◆ EXERCISE REQUIREMENTS ◆
The number needed is how many lines in these entries contain "centre"; give it alone.

◆ GIVEN RECORDS ◆

· · · ·

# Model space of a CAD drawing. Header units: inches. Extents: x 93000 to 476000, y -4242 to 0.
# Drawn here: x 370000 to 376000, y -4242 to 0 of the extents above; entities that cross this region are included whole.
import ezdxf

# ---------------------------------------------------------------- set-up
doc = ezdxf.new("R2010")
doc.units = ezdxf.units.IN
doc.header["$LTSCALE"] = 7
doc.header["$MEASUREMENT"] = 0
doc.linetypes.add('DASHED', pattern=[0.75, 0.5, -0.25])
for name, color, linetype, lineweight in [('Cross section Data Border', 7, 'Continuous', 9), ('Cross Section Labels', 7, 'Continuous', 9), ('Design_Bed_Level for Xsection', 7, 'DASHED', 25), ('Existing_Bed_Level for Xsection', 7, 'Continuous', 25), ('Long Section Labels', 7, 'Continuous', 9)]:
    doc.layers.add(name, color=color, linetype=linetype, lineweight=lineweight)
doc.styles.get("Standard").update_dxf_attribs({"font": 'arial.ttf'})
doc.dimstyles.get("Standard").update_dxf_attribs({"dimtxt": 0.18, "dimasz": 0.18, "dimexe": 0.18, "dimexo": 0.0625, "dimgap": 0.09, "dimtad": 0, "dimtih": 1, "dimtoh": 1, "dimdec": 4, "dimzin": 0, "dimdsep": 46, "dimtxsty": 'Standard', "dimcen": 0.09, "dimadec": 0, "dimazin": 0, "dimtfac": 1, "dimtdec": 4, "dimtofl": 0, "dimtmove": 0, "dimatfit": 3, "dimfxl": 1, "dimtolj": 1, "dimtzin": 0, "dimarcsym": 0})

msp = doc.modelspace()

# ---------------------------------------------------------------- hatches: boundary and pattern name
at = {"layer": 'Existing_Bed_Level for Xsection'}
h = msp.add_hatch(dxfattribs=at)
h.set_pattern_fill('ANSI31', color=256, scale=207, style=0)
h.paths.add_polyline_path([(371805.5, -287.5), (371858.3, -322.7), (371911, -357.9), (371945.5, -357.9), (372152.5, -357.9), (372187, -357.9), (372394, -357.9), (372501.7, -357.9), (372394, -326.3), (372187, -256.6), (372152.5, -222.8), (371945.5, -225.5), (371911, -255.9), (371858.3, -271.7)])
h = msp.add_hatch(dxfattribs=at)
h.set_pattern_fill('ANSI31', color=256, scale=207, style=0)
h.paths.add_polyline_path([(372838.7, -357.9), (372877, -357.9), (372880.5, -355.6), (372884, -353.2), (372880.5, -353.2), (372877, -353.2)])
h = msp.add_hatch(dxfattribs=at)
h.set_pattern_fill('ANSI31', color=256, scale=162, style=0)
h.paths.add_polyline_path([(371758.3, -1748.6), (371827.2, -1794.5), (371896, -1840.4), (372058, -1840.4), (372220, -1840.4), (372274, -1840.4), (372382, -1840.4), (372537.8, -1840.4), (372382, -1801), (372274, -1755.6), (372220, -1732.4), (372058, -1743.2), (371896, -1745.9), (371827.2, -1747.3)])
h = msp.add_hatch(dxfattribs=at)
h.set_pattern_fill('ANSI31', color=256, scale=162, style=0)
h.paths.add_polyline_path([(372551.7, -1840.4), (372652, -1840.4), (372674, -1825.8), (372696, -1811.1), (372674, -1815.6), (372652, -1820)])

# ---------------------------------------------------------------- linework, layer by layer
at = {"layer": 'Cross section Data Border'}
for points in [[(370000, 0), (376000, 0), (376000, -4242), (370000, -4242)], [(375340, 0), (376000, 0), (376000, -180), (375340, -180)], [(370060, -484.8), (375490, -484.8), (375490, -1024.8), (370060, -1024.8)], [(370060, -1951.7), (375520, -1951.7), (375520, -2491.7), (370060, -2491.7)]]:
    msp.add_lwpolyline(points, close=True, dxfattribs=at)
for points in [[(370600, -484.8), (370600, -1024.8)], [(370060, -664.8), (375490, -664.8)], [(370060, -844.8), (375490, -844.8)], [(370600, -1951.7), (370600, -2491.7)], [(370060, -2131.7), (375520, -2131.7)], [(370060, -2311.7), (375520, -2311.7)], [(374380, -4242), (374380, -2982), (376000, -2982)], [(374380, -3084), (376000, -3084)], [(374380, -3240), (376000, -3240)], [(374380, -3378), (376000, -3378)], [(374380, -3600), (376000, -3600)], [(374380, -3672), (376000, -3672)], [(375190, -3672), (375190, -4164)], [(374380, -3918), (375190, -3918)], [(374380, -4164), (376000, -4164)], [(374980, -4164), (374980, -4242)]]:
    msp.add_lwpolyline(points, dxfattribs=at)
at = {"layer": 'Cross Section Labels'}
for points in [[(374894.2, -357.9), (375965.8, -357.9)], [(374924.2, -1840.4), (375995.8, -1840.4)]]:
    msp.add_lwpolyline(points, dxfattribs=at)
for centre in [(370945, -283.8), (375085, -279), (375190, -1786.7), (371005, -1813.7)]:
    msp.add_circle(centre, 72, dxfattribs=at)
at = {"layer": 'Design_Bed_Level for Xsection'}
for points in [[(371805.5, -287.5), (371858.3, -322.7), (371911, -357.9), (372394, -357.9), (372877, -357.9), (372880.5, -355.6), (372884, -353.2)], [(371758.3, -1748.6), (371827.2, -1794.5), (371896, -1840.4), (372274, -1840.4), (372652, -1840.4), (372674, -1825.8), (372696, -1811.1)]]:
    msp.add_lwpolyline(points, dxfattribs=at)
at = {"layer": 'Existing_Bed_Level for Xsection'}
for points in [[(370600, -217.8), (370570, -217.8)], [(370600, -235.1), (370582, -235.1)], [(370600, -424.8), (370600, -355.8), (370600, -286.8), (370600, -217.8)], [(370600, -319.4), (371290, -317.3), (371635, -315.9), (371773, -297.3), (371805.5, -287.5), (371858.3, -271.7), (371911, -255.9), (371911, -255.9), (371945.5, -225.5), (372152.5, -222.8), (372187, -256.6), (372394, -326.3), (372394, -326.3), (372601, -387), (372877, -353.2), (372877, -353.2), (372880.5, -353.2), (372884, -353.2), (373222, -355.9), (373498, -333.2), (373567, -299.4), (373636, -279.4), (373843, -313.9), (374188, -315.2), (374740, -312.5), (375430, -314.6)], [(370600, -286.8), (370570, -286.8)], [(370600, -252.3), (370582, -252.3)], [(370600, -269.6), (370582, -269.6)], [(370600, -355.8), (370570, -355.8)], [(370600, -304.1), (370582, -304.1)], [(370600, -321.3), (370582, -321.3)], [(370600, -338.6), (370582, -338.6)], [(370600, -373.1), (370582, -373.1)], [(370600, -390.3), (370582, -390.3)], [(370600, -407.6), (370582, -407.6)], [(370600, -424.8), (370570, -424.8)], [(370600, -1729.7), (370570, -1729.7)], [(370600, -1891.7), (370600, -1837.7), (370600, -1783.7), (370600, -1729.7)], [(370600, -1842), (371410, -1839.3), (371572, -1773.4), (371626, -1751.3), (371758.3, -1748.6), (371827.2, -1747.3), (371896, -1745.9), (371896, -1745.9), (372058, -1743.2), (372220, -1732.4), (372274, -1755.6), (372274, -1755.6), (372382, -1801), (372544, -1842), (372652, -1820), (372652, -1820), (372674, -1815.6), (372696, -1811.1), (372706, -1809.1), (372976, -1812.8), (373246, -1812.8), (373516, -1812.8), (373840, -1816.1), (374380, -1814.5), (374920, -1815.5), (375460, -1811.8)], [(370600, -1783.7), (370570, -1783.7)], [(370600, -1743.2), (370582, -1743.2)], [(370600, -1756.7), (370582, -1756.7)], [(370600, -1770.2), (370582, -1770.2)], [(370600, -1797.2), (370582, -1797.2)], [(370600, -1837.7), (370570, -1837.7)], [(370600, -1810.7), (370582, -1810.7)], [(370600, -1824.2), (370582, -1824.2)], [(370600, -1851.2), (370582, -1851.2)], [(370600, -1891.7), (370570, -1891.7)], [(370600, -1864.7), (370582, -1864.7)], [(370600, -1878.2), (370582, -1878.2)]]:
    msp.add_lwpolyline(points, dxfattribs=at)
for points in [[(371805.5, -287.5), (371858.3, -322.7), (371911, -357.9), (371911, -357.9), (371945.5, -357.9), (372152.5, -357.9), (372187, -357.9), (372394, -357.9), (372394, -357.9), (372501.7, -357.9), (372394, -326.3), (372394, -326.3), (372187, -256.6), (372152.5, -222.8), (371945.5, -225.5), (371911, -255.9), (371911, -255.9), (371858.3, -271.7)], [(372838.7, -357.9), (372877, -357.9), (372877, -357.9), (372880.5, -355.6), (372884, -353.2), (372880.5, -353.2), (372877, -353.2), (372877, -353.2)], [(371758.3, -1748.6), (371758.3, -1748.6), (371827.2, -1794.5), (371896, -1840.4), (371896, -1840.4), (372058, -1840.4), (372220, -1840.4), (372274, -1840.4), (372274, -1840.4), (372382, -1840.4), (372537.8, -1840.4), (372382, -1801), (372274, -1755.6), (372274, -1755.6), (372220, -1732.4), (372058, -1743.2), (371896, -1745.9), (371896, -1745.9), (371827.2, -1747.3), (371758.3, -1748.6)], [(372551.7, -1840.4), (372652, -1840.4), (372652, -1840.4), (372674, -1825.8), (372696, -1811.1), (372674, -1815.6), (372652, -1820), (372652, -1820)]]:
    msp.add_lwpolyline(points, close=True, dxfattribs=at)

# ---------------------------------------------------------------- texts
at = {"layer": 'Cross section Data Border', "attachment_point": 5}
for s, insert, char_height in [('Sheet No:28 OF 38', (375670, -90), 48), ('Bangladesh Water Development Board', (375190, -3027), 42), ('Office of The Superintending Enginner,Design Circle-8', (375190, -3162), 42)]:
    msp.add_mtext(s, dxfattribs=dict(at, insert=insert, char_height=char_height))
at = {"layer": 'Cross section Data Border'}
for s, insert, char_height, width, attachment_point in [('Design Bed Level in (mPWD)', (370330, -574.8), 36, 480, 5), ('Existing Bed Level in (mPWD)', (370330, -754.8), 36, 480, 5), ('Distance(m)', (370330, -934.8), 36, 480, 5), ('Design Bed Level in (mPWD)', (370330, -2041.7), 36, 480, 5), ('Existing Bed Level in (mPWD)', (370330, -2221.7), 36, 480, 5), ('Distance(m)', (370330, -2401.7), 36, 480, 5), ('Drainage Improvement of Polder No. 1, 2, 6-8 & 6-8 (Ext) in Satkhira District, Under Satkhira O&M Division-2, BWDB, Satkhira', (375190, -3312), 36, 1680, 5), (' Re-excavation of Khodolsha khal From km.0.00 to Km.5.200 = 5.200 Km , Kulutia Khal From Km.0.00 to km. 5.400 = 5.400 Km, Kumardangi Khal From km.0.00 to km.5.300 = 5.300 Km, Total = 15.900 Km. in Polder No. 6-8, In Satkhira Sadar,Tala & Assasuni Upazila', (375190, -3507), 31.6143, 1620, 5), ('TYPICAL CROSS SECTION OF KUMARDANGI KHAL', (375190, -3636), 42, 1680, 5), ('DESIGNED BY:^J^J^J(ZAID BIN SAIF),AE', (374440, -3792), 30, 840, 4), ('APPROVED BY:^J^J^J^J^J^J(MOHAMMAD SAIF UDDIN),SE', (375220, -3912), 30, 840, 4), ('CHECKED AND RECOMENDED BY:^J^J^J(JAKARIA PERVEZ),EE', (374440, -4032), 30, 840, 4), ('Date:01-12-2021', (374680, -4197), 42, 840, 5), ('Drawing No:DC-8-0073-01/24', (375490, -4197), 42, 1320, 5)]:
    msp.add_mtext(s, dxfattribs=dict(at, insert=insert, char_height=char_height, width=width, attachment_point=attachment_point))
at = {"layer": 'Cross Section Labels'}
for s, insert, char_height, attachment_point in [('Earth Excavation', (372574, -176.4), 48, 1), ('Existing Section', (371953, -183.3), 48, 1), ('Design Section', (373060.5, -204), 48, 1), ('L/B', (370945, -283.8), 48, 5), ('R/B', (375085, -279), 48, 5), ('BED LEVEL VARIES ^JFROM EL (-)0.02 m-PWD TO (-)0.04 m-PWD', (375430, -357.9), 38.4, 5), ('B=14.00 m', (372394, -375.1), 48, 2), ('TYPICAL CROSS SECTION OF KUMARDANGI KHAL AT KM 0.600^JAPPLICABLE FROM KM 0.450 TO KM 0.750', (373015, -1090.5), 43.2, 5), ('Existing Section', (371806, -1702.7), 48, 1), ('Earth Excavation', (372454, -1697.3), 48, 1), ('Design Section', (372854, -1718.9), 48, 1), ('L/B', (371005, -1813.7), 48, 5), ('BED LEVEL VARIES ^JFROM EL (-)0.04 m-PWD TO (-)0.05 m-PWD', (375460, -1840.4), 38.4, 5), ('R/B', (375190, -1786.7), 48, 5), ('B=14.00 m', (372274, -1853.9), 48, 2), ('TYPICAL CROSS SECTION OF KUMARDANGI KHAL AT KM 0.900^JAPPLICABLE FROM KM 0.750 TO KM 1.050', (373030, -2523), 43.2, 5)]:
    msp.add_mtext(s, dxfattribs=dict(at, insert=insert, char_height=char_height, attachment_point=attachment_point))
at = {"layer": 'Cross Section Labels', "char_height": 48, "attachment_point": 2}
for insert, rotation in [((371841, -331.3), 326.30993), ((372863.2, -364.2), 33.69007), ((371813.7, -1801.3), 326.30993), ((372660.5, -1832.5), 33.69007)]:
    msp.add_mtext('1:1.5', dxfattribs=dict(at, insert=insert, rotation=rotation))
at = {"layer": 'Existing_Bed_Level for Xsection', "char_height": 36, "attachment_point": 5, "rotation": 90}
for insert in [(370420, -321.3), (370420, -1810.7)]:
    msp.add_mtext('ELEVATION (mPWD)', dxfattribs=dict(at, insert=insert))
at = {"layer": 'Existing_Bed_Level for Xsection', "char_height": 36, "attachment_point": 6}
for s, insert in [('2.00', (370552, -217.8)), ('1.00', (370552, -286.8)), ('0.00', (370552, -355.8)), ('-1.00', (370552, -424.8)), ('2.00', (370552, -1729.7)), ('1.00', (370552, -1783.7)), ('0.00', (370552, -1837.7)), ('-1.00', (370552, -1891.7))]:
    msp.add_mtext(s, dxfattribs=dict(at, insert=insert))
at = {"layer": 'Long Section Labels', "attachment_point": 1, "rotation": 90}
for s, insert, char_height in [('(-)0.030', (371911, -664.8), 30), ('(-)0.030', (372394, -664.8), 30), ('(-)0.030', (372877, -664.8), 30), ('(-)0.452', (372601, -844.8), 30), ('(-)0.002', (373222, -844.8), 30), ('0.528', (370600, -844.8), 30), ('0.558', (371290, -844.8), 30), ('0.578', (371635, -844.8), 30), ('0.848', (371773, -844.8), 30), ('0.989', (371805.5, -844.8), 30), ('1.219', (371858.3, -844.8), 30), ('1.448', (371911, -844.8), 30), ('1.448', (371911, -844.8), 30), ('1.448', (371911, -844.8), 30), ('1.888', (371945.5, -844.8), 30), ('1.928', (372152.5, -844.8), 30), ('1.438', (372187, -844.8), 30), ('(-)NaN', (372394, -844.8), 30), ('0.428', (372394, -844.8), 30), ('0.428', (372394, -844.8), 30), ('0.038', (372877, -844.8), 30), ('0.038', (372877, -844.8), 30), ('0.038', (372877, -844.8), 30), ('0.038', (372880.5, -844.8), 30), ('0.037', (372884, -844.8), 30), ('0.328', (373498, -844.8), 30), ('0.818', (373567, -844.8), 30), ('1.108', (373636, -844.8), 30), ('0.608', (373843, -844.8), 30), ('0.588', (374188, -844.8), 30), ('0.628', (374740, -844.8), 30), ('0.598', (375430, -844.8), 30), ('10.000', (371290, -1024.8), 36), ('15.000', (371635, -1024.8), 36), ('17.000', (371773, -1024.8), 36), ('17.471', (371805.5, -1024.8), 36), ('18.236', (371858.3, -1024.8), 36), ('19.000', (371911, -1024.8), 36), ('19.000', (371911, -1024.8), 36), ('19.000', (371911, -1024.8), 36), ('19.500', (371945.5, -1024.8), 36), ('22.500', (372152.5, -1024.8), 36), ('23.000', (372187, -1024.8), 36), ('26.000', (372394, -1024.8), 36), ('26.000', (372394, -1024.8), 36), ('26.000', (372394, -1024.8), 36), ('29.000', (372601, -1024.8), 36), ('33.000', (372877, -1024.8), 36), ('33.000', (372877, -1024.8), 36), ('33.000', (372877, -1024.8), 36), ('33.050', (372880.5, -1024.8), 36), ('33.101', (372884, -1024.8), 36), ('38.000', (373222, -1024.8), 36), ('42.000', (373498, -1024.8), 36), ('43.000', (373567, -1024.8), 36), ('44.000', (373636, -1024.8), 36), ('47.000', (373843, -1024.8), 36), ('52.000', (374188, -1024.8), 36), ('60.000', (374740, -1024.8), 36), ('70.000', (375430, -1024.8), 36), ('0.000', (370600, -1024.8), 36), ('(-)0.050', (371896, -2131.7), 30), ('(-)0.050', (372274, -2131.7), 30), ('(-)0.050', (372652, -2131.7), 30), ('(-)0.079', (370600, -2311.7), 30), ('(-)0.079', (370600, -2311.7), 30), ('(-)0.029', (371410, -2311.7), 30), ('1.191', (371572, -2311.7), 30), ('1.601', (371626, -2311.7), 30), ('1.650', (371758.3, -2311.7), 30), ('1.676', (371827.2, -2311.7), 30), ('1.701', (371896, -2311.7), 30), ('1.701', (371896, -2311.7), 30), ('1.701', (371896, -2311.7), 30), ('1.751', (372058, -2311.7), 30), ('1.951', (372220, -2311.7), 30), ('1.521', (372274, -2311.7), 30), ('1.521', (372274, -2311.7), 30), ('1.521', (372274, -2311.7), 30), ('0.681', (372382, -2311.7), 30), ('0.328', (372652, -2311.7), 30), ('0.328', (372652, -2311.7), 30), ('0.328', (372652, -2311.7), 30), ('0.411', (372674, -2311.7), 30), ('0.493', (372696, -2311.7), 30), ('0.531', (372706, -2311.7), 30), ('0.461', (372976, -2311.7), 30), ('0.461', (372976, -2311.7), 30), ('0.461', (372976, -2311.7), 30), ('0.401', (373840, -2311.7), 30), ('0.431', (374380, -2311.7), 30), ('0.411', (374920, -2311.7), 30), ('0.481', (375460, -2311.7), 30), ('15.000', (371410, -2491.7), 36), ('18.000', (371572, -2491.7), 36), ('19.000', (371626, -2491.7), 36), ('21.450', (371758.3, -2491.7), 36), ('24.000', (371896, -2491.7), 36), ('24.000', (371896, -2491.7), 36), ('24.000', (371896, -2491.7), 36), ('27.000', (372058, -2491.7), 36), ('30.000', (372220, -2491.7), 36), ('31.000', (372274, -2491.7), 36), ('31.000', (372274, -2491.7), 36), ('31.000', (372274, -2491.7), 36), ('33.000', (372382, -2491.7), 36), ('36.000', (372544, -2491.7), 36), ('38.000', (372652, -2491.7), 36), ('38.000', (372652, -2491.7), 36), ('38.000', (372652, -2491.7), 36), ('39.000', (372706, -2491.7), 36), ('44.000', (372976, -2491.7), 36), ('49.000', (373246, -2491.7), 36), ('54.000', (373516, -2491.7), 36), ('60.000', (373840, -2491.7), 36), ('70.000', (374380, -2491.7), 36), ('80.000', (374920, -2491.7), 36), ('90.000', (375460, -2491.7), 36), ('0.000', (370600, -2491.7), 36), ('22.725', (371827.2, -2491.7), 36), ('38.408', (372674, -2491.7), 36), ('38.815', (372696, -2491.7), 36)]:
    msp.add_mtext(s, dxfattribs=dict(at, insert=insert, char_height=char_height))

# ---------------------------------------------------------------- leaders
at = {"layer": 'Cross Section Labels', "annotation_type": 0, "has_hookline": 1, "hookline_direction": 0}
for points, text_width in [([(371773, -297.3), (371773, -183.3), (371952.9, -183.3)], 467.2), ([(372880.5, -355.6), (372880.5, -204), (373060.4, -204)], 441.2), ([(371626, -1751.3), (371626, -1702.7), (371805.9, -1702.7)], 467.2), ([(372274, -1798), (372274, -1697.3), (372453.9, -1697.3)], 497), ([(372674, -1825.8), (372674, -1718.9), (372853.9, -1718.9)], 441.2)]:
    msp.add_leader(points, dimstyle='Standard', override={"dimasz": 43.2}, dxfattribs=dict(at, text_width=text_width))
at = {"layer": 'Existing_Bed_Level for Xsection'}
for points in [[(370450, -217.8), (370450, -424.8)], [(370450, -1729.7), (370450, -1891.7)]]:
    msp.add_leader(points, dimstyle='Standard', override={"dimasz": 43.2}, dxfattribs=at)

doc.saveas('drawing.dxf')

· · · ·

◆ SOLUTION TO THE PROBLEM ◆
2